Sixth lecture Concepts of Probabilities
Random Experiment Can be repeated (theoretically) an infinite number of times Has a well-defined set of possible outcomes. Result cannot be predetermined. Example 1: Selecting 20 people at random and counting how many people are left-handed. Tossing a coin until the first tail appears.
How can we describe random experiments using a mathematical model? We use three building blocks: a sample space, a set of events and probability. Definition 1 (Sample Space): The set of all possible outcomes of a statistical experiments is called the sample space and represented by the symbol S. Example 2: Select 20 people at random and count # of left- handers S= {0, 1, 2, …,20}
Example 3: Consider the experiment of tossing a die. If we are interested in the number that shows on the top face, describe the sample space? S= {1, 2, 3, 4, 5, 6} If we are interested only in whether the number is even or odd, the sample space is simply S= {even, odd}
Definition 2 (An event is) : The subset of a sample space. Donated by a capital letter. Example 4: Tossing two dice and A is the event that the sum of the two faces is ≥ 10. S= {(i, j), 1≤ i, j ≤ 6} A= {( 4, 6), (5, 6), (6, 6), (6, 4), (6, 5), (6,6)}.

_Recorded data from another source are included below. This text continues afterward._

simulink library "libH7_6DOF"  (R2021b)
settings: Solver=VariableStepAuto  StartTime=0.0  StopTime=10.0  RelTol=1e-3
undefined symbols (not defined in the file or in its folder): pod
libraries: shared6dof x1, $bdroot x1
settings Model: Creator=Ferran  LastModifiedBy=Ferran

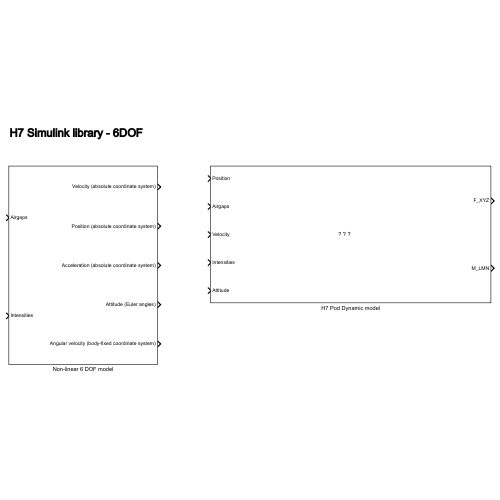
[thumbnail: Simulink's stored preview of the top-level diagram]
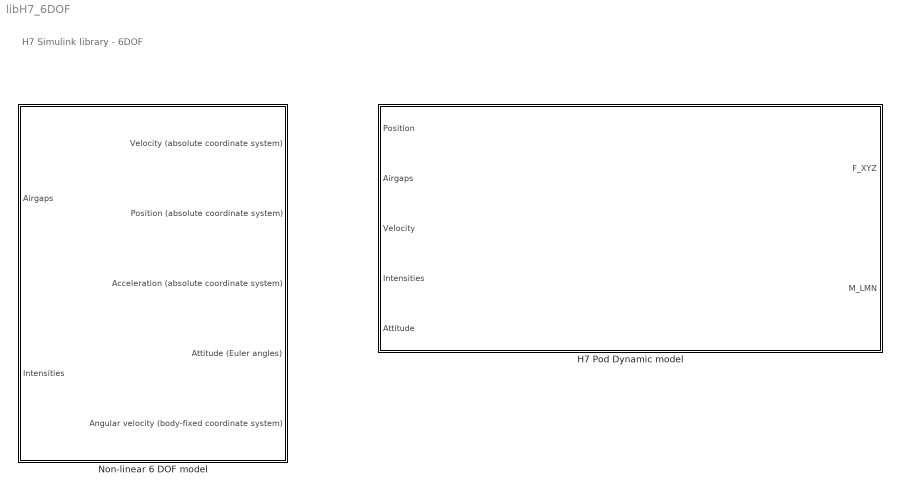
== system libH7_6DOF ==
  note: H7 Simulink library - 6DOF
  H7 Pod Dynamic model : Subsystem
      mask Display: image('FBD.png', [0.12 0.12 0.78 0.78]); % Use "Edit Image" on toolstrip to change.
  Non-linear 6 DOF model : Subsystem

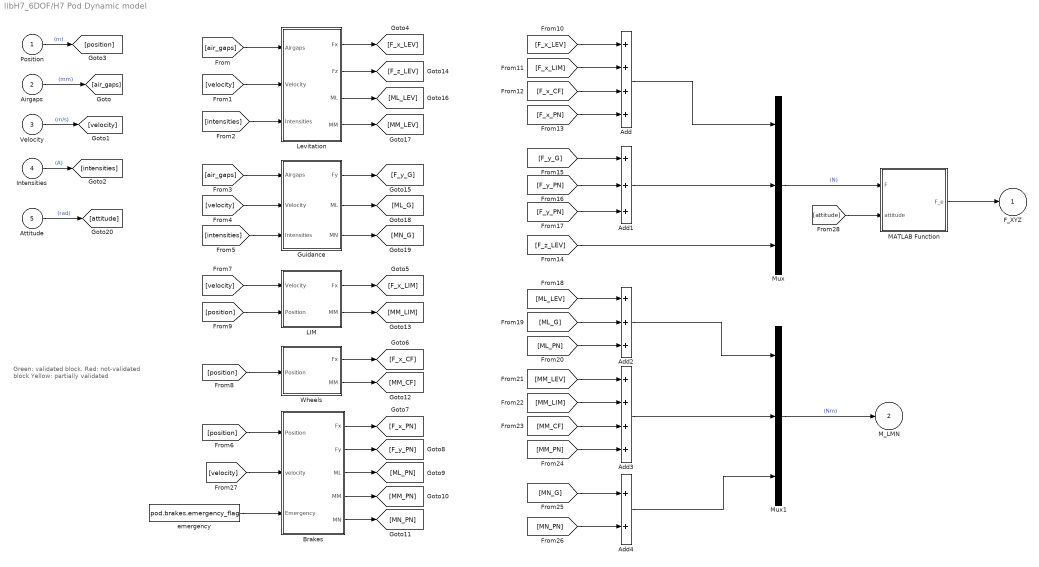
== system libH7_6DOF/H7 Pod Dynamic model ==
  note: Green: validated block.
      | Red: not-validated block
      | Yellow: partially validated
  Position : Inport
  Airgaps : Inport  Port=2
  Velocity : Inport  Port=3
  Intensities : Inport  Port=4
  Attitude : Inport  Port=5
  Add : Sum  Inputs=++++
  Add1 : Sum  Inputs=+++
  Add2 : Sum  Inputs=+++
  Add3 : Sum  Inputs=++++
  Add4 : Sum
  Brakes : Subsystem
  Guidance : Subsystem
  LIM : Subsystem
  Levitation : Subsystem
  MATLAB Function : MATLAB Function  TreatAsAtomicUnit=on
  Mux : Mux  Inputs=3
  Mux1 : Mux  Inputs=3
  Wheels : Subsystem
  emergency : Constant  Value=pod.brakes.emergency_flag
  F_XYZ : Outport
  M_LMN : Outport  Port=2
  wires:
  Airgaps/1 -> [air_gaps]  "(mm)"
  Velocity/1 -> [velocity]  "(m/s)"
  Intensities/1 -> [intensities]  "(A)"
  Mux/1 -> MATLAB Function/1(F)  "(N)"
  Mux1/1 -> M_LMN/1  "(Nm)"
  [air_gaps] -> Levitation/1(Airgaps)
  [velocity] -> Levitation/2(Velocity)
  [intensities] -> Levitation/3(Intensities)
  [velocity] -> Guidance/2(Velocity)
  [intensities] -> Guidance/3(Intensities)
  [air_gaps] -> Guidance/1(Airgaps)
  [velocity] -> LIM/1(Velocity)
  Position/1 -> [position]  "(m)"
  [position] -> Brakes/1(Position)
  emergency/1 -> Brakes/3(Emergency)
  [position] -> Wheels/1(Position)
  [position] -> LIM/2(Position)
  Levitation/1(Fx) -> [F_x_LEV]
  LIM/1(Fx) -> [F_x_LIM]
  Wheels/1(Fx) -> [F_x_CF]
  Brakes/1(Fx) -> [F_x_PN]
  Brakes/2(Fy) -> [F_y_PN]
  Brakes/3(ML) -> [ML_PN]
  Brakes/4(MM) -> [MM_PN]
  Brakes/5(MN) -> [MN_PN]
  Wheels/2(MM) -> [MM_CF]
  LIM/2(MM) -> [MM_LIM]
  Levitation/2(Fz) -> [F_z_LEV]
  Guidance/1(Fy) -> [F_y_G]
  Levitation/3(ML) -> [ML_LEV]
  Levitation/4(MM) -> [MM_LEV]
  Guidance/2(ML) -> [ML_G]
  Guidance/3(MN) -> [MN_G]
  Add/1 -> Mux/1
  [F_x_LEV] -> Add/1
  [F_x_LIM] -> Add/2
  [F_x_CF] -> Add/3
  [F_x_PN] -> Add/4
  [F_z_LEV] -> Mux/3
  [F_y_G] -> Add1/1
  [F_y_PN] -> Add1/2
  [F_y_PN] -> Add1/3
  Add1/1 -> Mux/2
  [ML_LEV] -> Add2/1
  Add2/1 -> Mux1/1
  [ML_G] -> Add2/2
  [ML_PN] -> Add2/3
  [MM_LEV] -> Add3/1
  [MM_PN] -> Add3/4
  Add3/1 -> Mux1/2
  [MM_LIM] -> Add3/2
  [MM_CF] -> Add3/3
  [MN_PN] -> Add4/2
  [MN_G] -> Add4/1
  Add4/1 -> Mux1/3
  [velocity] -> Brakes/2(velocity)
  Attitude/1 -> [attitude]  "(rad)"
  [attitude] -> MATLAB Function/2(attitude)
  MATLAB Function/1(F_e) -> F_XYZ/1

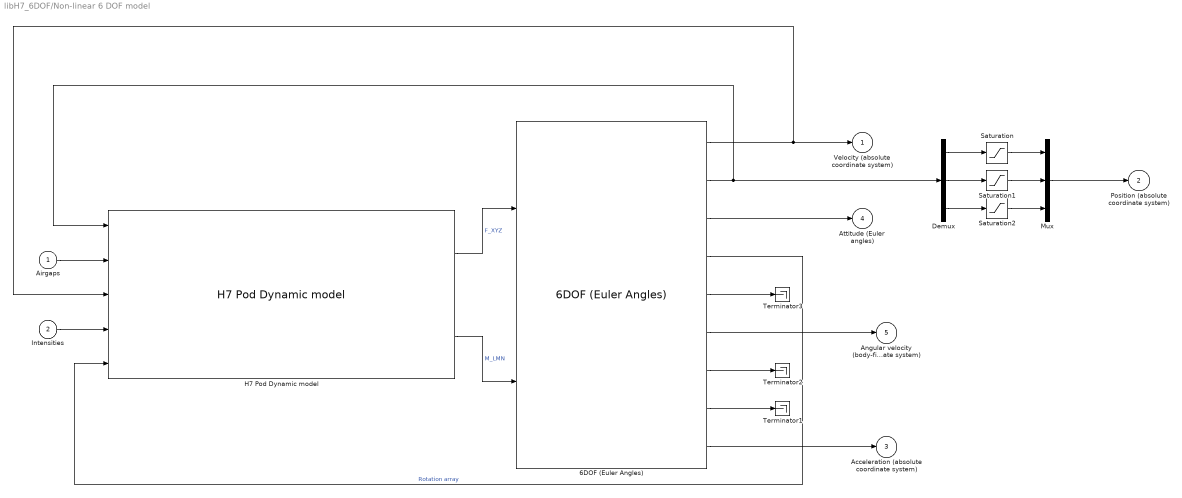
== system libH7_6DOF/Non-linear 6 DOF model ==
  Airgaps : Inport
  Intensities : Inport  Port=2
  6DOF (Euler Angles) : shared6dof/6DOF (Euler Angles)  units=Metric (MKS)  mtype=Fixed  rep=Euler Angles  xme_0=initial_conds.x_0  Vm_0=initial_conds.v_0  eul_0=initial_conds.ang_0  pm_0=initial_conds.w_0  mass_0=pod.mass.mass  mass_e=0.5  mass_f=2.0  inertia=pod.mass.inertia  inertia_e=eye(3)  inertia_f=2*eye(3)  k_quat=1.0  vre_flag=on  abi_flag=on  aMode=0  xme_statename=''  Vm_statename=''  eul_statename=''  quat_statename=''  pm_statename=''  mass_statename=''
      link override Abi: Port=9
      settings: SourceProductBaseCode=AE,PW,DR,MT,UV,VE
  Demux : Demux  Outputs=3
  H7 Pod Dynamic model : $bdroot/H7 Pod Dynamic model  SystemSampleTime=-1  VariantActivationTime=update diagram  Latency=0  AutoFrameSizeCalculation=off
  Mux : Mux  Inputs=3
  Saturation : Saturate  UpperLimit=20  LowerLimit=0
  Saturation1 : Saturate  UpperLimit=0.002  LowerLimit=-0.002
  Saturation2 : Saturate  UpperLimit=0  LowerLimit=-0.011
  Terminator1 : Terminator
  Terminator2 : Terminator
  Terminator3 : Terminator
  Velocity (absolute coordinate system) : Outport
  Position (absolute coordinate system) : Outport  Port=2
  Acceleration (absolute coordinate system) : Outport  Port=3
  Attitude (Euler angles) : Outport  Port=4
  Angular velocity (body-fixed coordinate system) : Outport  Port=5
  wires:
  6DOF (Euler Angles)/2 -> Demux/1, H7 Pod Dynamic model/1
  6DOF (Euler Angles)/1 -> Velocity (absolute coordinate system)/1, H7 Pod Dynamic model/3
  Intensities/1 -> H7 Pod Dynamic model/4
  6DOF (Euler Angles)/4 -> H7 Pod Dynamic model/5  "Rotation array"
  H7 Pod Dynamic model/1 -> 6DOF (Euler Angles)/1  "F_XYZ"
  H7 Pod Dynamic model/2 -> 6DOF (Euler Angles)/2  "M_LMN"
  6DOF (Euler Angles)/8 -> Terminator1/1
  6DOF (Euler Angles)/6 -> Angular velocity (body-fixed coordinate system)/1
  6DOF (Euler Angles)/9 -> Acceleration (absolute coordinate system)/1
  6DOF (Euler Angles)/3 -> Attitude (Euler angles)/1
  6DOF (Euler Angles)/5 -> Terminator3/1
  6DOF (Euler Angles)/7 -> Terminator2/1
  Airgaps/1 -> H7 Pod Dynamic model/2
  Demux/1 -> Saturation/1
  Demux/2 -> Saturation1/1
  Demux/3 -> Saturation2/1
  Saturation/1 -> Mux/1
  Saturation1/1 -> Mux/2
  Saturation2/1 -> Mux/3
  Mux/1 -> Position (absolute coordinate system)/1

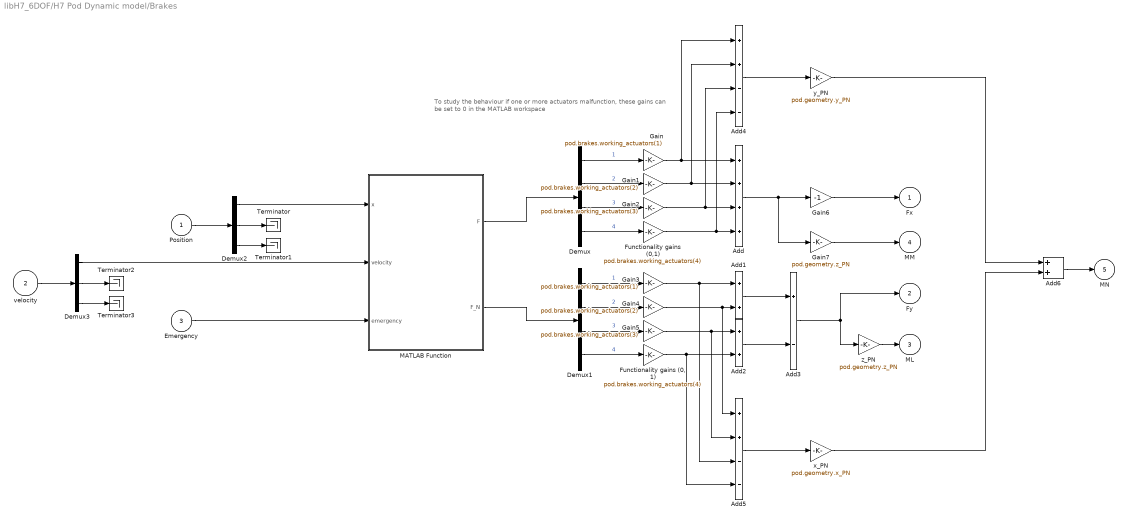
== system libH7_6DOF/H7 Pod Dynamic model/Brakes ==
  note: To study the behaviour if one or more actuators malfunction,
      | these gains can be set to 0 in the MATLAB workspace
  Position : Inport
  velocity : Inport  Port=2
  Emergency : Inport  Port=3
  Add : Sum  Inputs=++++
  Add1 : Sum
  Add2 : Sum
  Add3 : Sum  Inputs=+-
  Add4 : Sum  Inputs=++--
  Add5 : Sum  Inputs=++--
  Add6 : Sum
  Demux : Demux
  Demux1 : Demux
  Demux2 : Demux  Outputs=3
  Demux3 : Demux  Outputs=3
  "Functionality gains (0, 1)" : Gain  Gain=pod.brakes.working_actuators(4)
  Functionality gains (0,1) : Gain  Gain=pod.brakes.working_actuators(4)
  Gain : Gain  Gain=pod.brakes.working_actuators(1)
  Gain1 : Gain  Gain=pod.brakes.working_actuators(2)
  Gain2 : Gain  Gain=pod.brakes.working_actuators(3)
  Gain3 : Gain  Gain=pod.brakes.working_actuators(1)
  Gain4 : Gain  Gain=pod.brakes.working_actuators(2)
  Gain5 : Gain  Gain=pod.brakes.working_actuators(3)
  Gain6 : Gain  Gain=-1
  Gain7 : Gain  Gain=pod.geometry.z_PN
  MATLAB Function : MATLAB Function  TreatAsAtomicUnit=on
  Terminator{,1..3} (4 alike) : Terminator
  x_PN : Gain  Gain=pod.geometry.x_PN
  y_PN : Gain  Gain=pod.geometry.y_PN
  z_PN : Gain  Gain=pod.geometry.z_PN
  Fx : Outport
  Fy : Outport  Port=2
  ML : Outport  Port=3
  MM : Outport  Port=4
  MN : Outport  Port=5
  wires:
  Emergency/1 -> MATLAB Function/3(emergency)
  MATLAB Function/1(F) -> Demux/1
  Demux/1 -> Gain/1  "1"
  Demux/2 -> Gain1/1  "2"
  Demux/3 -> Gain2/1  "3"
  Demux/4 -> Functionality gains (0,1)/1  "4"
  Demux1/4 -> "Functionality gains (0, 1)"/1  "4"
  Demux1/3 -> Gain5/1  "3"
  Demux1/1 -> Gain3/1  "1"
  Demux1/2 -> Gain4/1  "2"
  MATLAB Function/2(F_N) -> Demux1/1
  Functionality gains (0,1)/1 -> Add4/4, Add/4
  Gain2/1 -> Add4/3, Add/3
  Gain1/1 -> Add4/2, Add/2
  Gain/1 -> Add4/1, Add/1
  Add/1 -> Gain7/1, Gain6/1
  Gain6/1 -> Fx/1
  Gain4/1 -> Add5/1, Add1/2
  Gain3/1 -> Add1/1, Add5/3
  Gain5/1 -> Add5/2, Add2/1
  "Functionality gains (0, 1)"/1 -> Add2/2, Add5/4
  Add1/1 -> Add3/1
  Add2/1 -> Add3/2
  Add3/1 -> z_PN/1, Fy/1
  z_PN/1 -> ML/1
  Gain7/1 -> MM/1
  Add4/1 -> y_PN/1
  Demux2/3 -> Terminator1/1
  Position/1 -> Demux2/1
  Demux2/1 -> MATLAB Function/1(x)
  Demux2/2 -> Terminator/1
  velocity/1 -> Demux3/1
  Demux3/2 -> Terminator2/1
  Demux3/3 -> Terminator3/1
  Demux3/1 -> MATLAB Function/2(velocity)
  Add5/1 -> x_PN/1
  Add6/1 -> MN/1
  y_PN/1 -> Add6/1
  x_PN/1 -> Add6/2

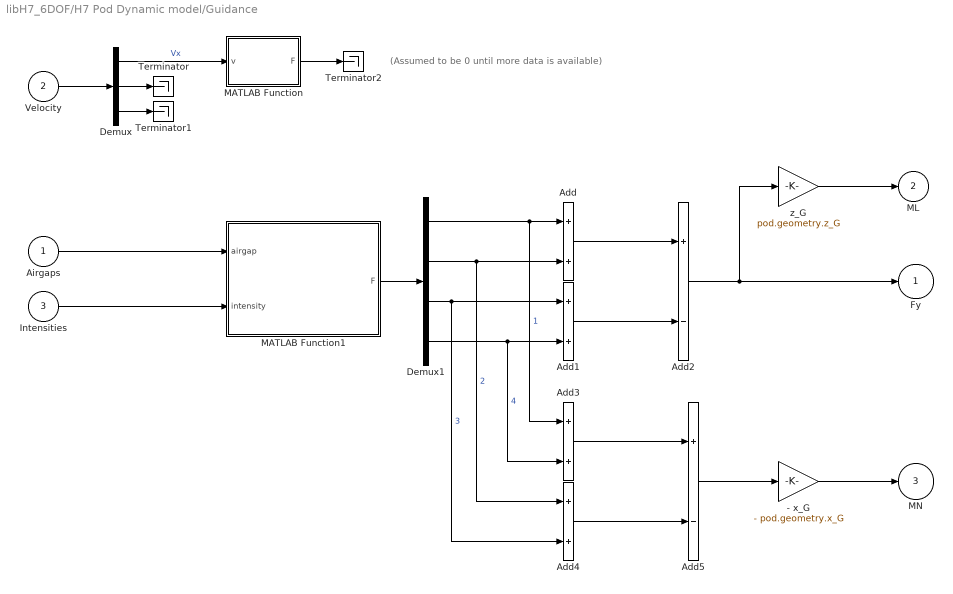
== system libH7_6DOF/H7 Pod Dynamic model/Guidance ==
  note: (Assumed to be 0 until more data is available)
  Airgaps : Inport
  Velocity : Inport  Port=2
  Intensities : Inport  Port=3
  - x_G : Gain  Gain=- pod.geometry.x_G
  Add{,1,3..4} (4 alike) : Sum
  Add2 : Sum  Inputs=+-
  Add5 : Sum  Inputs=+-
  Demux : Demux  Outputs=3
  Demux1 : Demux
  MATLAB Function : MATLAB Function  TreatAsAtomicUnit=on
  MATLAB Function1 : MATLAB Function  TreatAsAtomicUnit=on
  Terminator : Terminator
  Terminator1 : Terminator
  Terminator2 : Terminator
  z_G : Gain  Gain=pod.geometry.z_G
  Fy : Outport
  ML : Outport  Port=2
  MN : Outport  Port=3
  wires:
  Demux/1 -> MATLAB Function/1(v)  "Vx"
  Velocity/1 -> Demux/1
  Demux/2 -> Terminator/1
  Demux/3 -> Terminator1/1
  MATLAB Function/1(F) -> Terminator2/1
  MATLAB Function1/1(F) -> Demux1/1
  Intensities/1 -> MATLAB Function1/2(intensity)
  Airgaps/1 -> MATLAB Function1/1(airgap)
  Demux1/1 -> Add3/1, Add/1  "1"
  Demux1/2 -> Add4/1, Add/2  "2"
  Demux1/3 -> Add4/2, Add1/1  "3"
  Demux1/4 -> Add3/2, Add1/2  "4"
  Add1/1 -> Add2/2
  Add/1 -> Add2/1
  Add2/1 -> z_G/1, Fy/1
  z_G/1 -> ML/1
  Add3/1 -> Add5/1
  Add4/1 -> Add5/2
  Add5/1 -> - x_G/1
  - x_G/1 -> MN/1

The complement: The complement of an event A with respect to S is the subset of all elements of S that are not in A. We denote the complement of A by the symbol A ˊ.
The intersection The intersection of two events A and B, denoted by the symbol A ∩ B, is the event containing all elements that are common to A and B. A ∩ B
Definition 3: Two events A and B are mutually exclusive or disjoint, if A ∩ B= Ø, that is, if A and B have no elements in common. Definition 4: The union of the two event A and B denoted by the symbol A U B is the event containing all the elements that belong to A or B or both.
Example 5: (set operations) let S= {0, 1, 2, …, 7}, A= {0, 2, 6}, B= {1, 2} and C= {0, 6}. Find A ∩ B, A U B, B ∩ C, A ˋ. A ∩ B = {2} A U B = {0, 1, 2, 6} B ∩ C= Ø A ˋ = {1, 3, 4, 5, 7}
Some important results related to the set operation: A ∩ Ø = Ø. A U Ø = A. A ∩ A ˊ = Ø. A U A ˊ = S. S ˊ = Ø. Ø ˊ = S. (A ˊ ) ˊ = A. (A ∩ B) ˊ = A ˊ U B ˊ (A U B) ˊ = A ˊ ∩ B ˊ
Probability functions Want to assign a probability to an experiment's outcome (and in general to events). Let A be an event defined on sample space S P(A) denoted the probability of A occurring P is the probability function Definition 5: The probability of an event A is the sum of the weights of all sample points in A. Such that Axiom 1: 0 ≤ P(A) ≤ 1,
Axiom 2: P(S)= 1 and P(Ø) = 0, Axiom 3: if A, B, C, …. Is a sequence of mutually exclusive events then P(A U B U C U …)= P(A) + P(B) + P(C)+ …. Example 6: A coin is tossed twice. What is the probability that at least one head occurs?
Solution : The sample space is S= {HH, HT, TT, TH} Let A be the event that at least a head occurs. If we assume the coin is balanced all outcomes would be equally likely to occur, therefore The probability for any element to occur is ¼ And P(A)= ¾.
Theorem 1: If an experiment can result in any one of N different equally likely outcomes, and if exactly n of these outcomes correspond to event A, then the probability of event A is P(A)= n/N
Example 7: Consider the experiment of tossing a die. What is the probability that we get an even number? Solution: The sample space is S= {1, 2, 3, 4, 5, 6} Let A be the event that we get an even # A={2,4,6}, because the outcomes all equally likely to happened, so we will be able to apply the previous theorem. N = 6, n= 3 therefore P(A) = 3/6=1/2.
Additive Rules Theorem 2: If A and B are two events, then P(A U B)= P(A) +P(B) – P(A ∩ B). Result 1: If A and B are mutually exclusive, then P(A U B)= P(A) +P(B) If A ₁, A ₂, A ₃, … A is a partition of sample space S then P(A ₁ U A ₂ U A ₃ U … U A )= P(A ₁ ) + P(A ₂ )+ P(A ₃ ) + … +P(A)=P(s)=1.
Theorem 3: If A and A ˊ are complementary events then P(A)+ P(A ˊ )= 1. Example 8: What is the probability of getting a total of 7 or 11 when a pair of fair dice are tossed?